= EXERCISE GOAL =
The result should consist solely of the line containing "circle A39 centre" and the lines that follow it below, each reproduced exactly, the last line included.

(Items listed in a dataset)
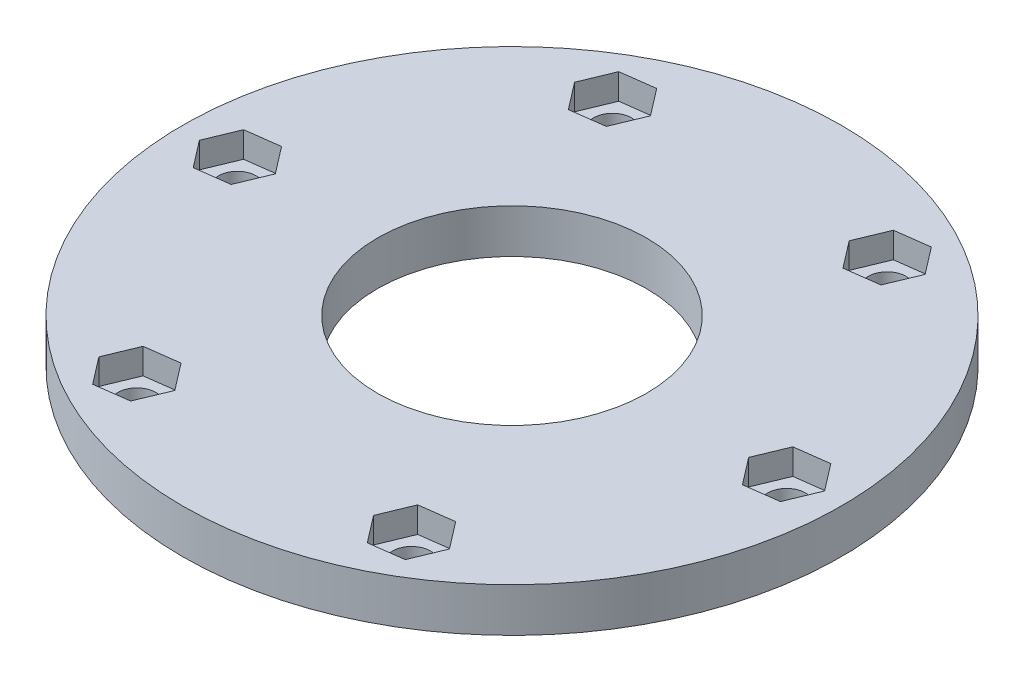
SolidWorks part; units mm, degrees
ref_plane "Front Plane" through (0, 0, 0) normal (0, 0, 1) x (1, 0, 0)
ref_plane "Top Plane" through (0, 0, 0) normal (0, 1, 0) x (1, 0, 0)
ref_plane "Right Plane" through (0, 0, 0) normal (1, 0, 0) x (0, 0, -1)
sketch "Sketch2" plane through (0, 0, 0) normal (0, 1, 0) x (1, 0, 0)
  line L0 (22.1383, 27.5775) -> (23.9031, 31.8459)
  line L1 (-15.3617, 27.5775) -> (-13.5969, 31.8459)
  line L2 (-13.5969, 31.8459) -> (-16.4111, 35.5084)
  line L3 (-16.4111, 35.5084) -> (-20.99, 34.9025)
  line L4 (-20.99, 34.9025) -> (-22.7547, 30.6341)
  line L5 (-22.7547, 30.6341) -> (-19.9406, 26.9716)
  line L6 (-19.9406, 26.9716) -> (-15.3617, 27.5775)
  line L7 (23.9031, 31.8459) -> (21.0889, 35.5084)
  line L8 (21.0889, 35.5084) -> (16.51, 34.9025)
  line L9 (14.7453, 30.6341) -> (17.5594, 26.9716)
  line L10 (16.51, 34.9025) -> (14.7453, 30.6341)
  line L11 (17.5594, 26.9716) -> (22.1383, 27.5775)
  line L12 (36.3094, -5.5043) -> (40.8883, -4.8984)
  line L13 (40.8883, -4.8984) -> (42.6531, -0.6301)
  line L14 (42.6531, -0.6301) -> (39.8389, 3.0324)
  line L15 (35.26, 2.4266) -> (33.4953, -1.8418)
  line L16 (39.8389, 3.0324) -> (35.26, 2.4266)
  line L17 (33.4953, -1.8418) -> (36.3094, -5.5043)
  line L18 (14.7453, -34.3178) -> (17.5594, -37.9803)
  line L19 (17.5594, -37.9803) -> (22.1383, -37.3744)
  line L20 (22.1383, -37.3744) -> (23.9031, -33.106)
  line L21 (21.0889, -29.4435) -> (16.51, -30.0494)
  line L22 (23.9031, -33.106) -> (21.0889, -29.4435)
  line L23 (16.51, -30.0494) -> (14.7453, -34.3178)
  line L24 (-20.99, -30.0494) -> (-22.7547, -34.3178)
  line L25 (-22.7547, -34.3178) -> (-19.9406, -37.9803)
  line L26 (-19.9406, -37.9803) -> (-15.3617, -37.3744)
  line L27 (-13.5969, -33.106) -> (-16.4111, -29.4435)
  line L28 (-15.3617, -37.3744) -> (-13.5969, -33.106)
  line L29 (-16.4111, -29.4435) -> (-20.99, -30.0494)
  line L30 (-35.1611, 3.0324) -> (-39.74, 2.4266)
  line L31 (-39.74, 2.4266) -> (-41.5047, -1.8418)
  line L32 (-41.5047, -1.8418) -> (-38.6906, -5.5043)
  line L33 (-34.1117, -4.8984) -> (-32.3469, -0.6301)
  line L34 (-38.6906, -5.5043) -> (-34.1117, -4.8984)
  line L35 (-32.3469, -0.6301) -> (-35.1611, 3.0324)
  circle A30 centre (-36.9258, -1.2359) radius 4
  circle A31 centre (-18.1758, 31.24) radius 4.575
  circle A32 centre (19.3242, 31.24) radius 4
  circle A33 centre (38.0742, -1.2359) radius 4
  circle A34 centre (19.3242, -33.7119) radius 4
  circle A35 centre (-18.1758, -33.7119) radius 4
  circle A36 centre (0.5742, -1.2359) radius 45
  circle A37 centre (0.5742, -1.2359) radius 18.375
  circle A38 centre (-18.1758, 31.24) radius 4 construction
  circle A39 centre (-18.1758, 31.24) radius 2.575
  circle A40 centre (19.3242, 31.24) radius 2.575
  circle A41 centre (38.0742, -1.2359) radius 2.575
  circle A42 centre (19.3242, -33.7119) radius 2.575
  circle A43 centre (-18.1758, -33.7119) radius 2.575
  circle A44 centre (-36.9258, -1.2359) radius 2.575
  dimension "D2" = 6
  dimension "D3" = 8
  dimension "D4" = 9.15
  dimension "D5" = 8
  dimension "D6" = 8
  dimension "D7" = 90
  dimension "D8" = 36.75
  dimension "D9" = 8
  dimension "D10" = 8
  dimension "D11" = 5.15
  dimension "D1" = 8
  dimension "D12" = 6
extrude "Boss-Extrude1" add sketch "Sketch2" along normal blind 6 contours A36 | A37
extrude "Cut-Extrude1" cut sketch "Sketch2<3>" along normal through all contours A40 | A39 | A42 | A41 | A43 | A44
sketch "Sketch2<3>" plane through (0, 0, 0) normal (0, 1, 0) x (1, 0, 0) same geometry as "Sketch2"
extrude "Cut-Extrude3" cut sketch "Sketch2<5>" against normal blind 3.5 from surface contours L3 L4 L5 L6 L1 L2 | L10 L9 L11 L0 L7 L8 | L16 L15 L17 L12 L13 L14 | L19 L20 L22 L21 L23 L18 | L30 L31 L32 L34 L33 L35 | L26 L28 L27 L29 L24 L25 starting at face at (-36.9258, 6, 3.8109)
sketch "Sketch2<5>" plane through (0, 0, 0) normal (0, 1, 0) x (1, 0, 0) same geometry as "Sketch2"
equation "\"R\"= 63mm"
equation "\"E\"= 2mm"
equation "\"Rr\"= 5"
equation "\"N\"= 22"
equation "\"M5\"= 5"
equation "\"SMALL_BEARING_DEPTH\"= 6MM"

= RESPONSE =
  circle A39 centre (-18.1758, 31.24) radius 2.575
  circle A40 centre (19.3242, 31.24) radius 2.575
  circle A41 centre (38.0742, -1.2359) radius 2.575
  circle A42 centre (19.3242, -33.7119) radius 2.575
  circle A43 centre (-18.1758, -33.7119) radius 2.575
  circle A44 centre (-36.9258, -1.2359) radius 2.575
  dimension "D2" = 6
  dimension "D3" = 8
  dimension "D4" = 9.15
  dimension "D5" = 8
  dimension "D6" = 8
  dimension "D7" = 90
  dimension "D8" = 36.75
  dimension "D9" = 8
  dimension "D10" = 8
  dimension "D11" = 5.15
  dimension "D1" = 8
  dimension "D12" = 6
extrude "Boss-Extrude1" add sketch "Sketch2" along normal blind 6 contours A36 | A37
extrude "Cut-Extrude1" cut sketch "Sketch2<3>" along normal through all contours A40 | A39 | A42 | A41 | A43 | A44
sketch "Sketch2<3>" plane through (0, 0, 0) normal (0, 1, 0) x (1, 0, 0) same geometry as "Sketch2"
extrude "Cut-Extrude3" cut sketch "Sketch2<5>" against normal blind 3.5 from surface contours L3 L4 L5 L6 L1 L2 | L10 L9 L11 L0 L7 L8 | L16 L15 L17 L12 L13 L14 | L19 L20 L22 L21 L23 L18 | L30 L31 L32 L34 L33 L35 | L26 L28 L27 L29 L24 L25 starting at face at (-36.9258, 6, 3.8109)
sketch "Sketch2<5>" plane through (0, 0, 0) normal (0, 1, 0) x (1, 0, 0) same geometry as "Sketch2"
equation "\"R\"= 63mm"
equation "\"E\"= 2mm"
equation "\"Rr\"= 5"
equation "\"N\"= 22"
equation "\"M5\"= 5"
equation "\"SMALL_BEARING_DEPTH\"= 6MM"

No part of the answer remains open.